Items from a dataset
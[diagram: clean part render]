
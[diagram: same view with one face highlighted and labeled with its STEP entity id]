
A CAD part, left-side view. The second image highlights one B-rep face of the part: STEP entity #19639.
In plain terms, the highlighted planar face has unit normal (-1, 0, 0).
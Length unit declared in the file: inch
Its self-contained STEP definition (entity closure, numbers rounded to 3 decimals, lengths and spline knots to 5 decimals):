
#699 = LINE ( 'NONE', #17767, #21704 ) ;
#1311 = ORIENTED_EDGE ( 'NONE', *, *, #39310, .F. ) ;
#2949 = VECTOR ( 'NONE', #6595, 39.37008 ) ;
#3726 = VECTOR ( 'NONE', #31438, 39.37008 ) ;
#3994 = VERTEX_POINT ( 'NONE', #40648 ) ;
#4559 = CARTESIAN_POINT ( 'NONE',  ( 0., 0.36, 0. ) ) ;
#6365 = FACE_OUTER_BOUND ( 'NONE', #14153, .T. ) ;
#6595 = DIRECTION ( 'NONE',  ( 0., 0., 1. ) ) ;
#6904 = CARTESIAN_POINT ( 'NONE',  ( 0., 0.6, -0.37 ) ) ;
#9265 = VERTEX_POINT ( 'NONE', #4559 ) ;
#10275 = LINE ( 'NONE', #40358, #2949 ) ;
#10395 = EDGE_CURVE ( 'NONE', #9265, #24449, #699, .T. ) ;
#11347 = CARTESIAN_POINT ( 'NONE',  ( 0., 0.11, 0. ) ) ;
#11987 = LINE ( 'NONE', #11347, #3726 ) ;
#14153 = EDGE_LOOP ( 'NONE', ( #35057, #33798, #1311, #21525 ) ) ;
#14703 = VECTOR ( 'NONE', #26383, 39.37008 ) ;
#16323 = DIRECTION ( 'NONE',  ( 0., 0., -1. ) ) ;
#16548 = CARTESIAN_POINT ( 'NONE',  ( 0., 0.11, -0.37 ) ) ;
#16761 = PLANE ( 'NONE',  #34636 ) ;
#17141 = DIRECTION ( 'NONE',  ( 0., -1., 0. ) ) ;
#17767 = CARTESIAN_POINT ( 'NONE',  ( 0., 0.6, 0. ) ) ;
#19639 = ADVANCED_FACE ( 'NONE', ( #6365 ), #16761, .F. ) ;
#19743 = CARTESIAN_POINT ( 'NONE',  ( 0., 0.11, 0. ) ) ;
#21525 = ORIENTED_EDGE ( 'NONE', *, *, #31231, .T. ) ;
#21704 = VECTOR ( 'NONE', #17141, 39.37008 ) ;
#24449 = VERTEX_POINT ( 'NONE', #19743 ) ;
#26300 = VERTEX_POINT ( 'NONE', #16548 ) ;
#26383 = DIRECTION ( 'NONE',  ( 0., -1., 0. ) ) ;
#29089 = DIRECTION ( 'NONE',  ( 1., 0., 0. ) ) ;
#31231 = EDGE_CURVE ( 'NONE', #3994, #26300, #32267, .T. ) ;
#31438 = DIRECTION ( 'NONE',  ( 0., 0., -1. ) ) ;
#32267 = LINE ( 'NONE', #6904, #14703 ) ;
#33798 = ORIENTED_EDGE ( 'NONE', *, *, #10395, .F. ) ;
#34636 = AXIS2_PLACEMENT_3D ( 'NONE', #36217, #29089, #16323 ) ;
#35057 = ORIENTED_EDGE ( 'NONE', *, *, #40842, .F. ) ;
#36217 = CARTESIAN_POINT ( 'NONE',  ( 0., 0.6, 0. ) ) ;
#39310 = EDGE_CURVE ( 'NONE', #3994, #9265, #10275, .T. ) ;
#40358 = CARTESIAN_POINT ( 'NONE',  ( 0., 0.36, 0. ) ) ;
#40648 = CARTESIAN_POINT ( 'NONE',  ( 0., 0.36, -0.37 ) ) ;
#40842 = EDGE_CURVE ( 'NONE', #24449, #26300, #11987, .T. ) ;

*Task to carry out*. Set down the lines of the records exactly, from the first one through the line containing "In plain terms, the", and add nothing else.

*Written answer*.
[diagram: clean part render]
[diagram: same view with one face highlighted and labeled with its STEP entity id]
A CAD part, left-side view. The second image highlights one B-rep face of the part: STEP entity #19639.
In plain terms, the highlighted planar face has unit normal (-1, 0, 0).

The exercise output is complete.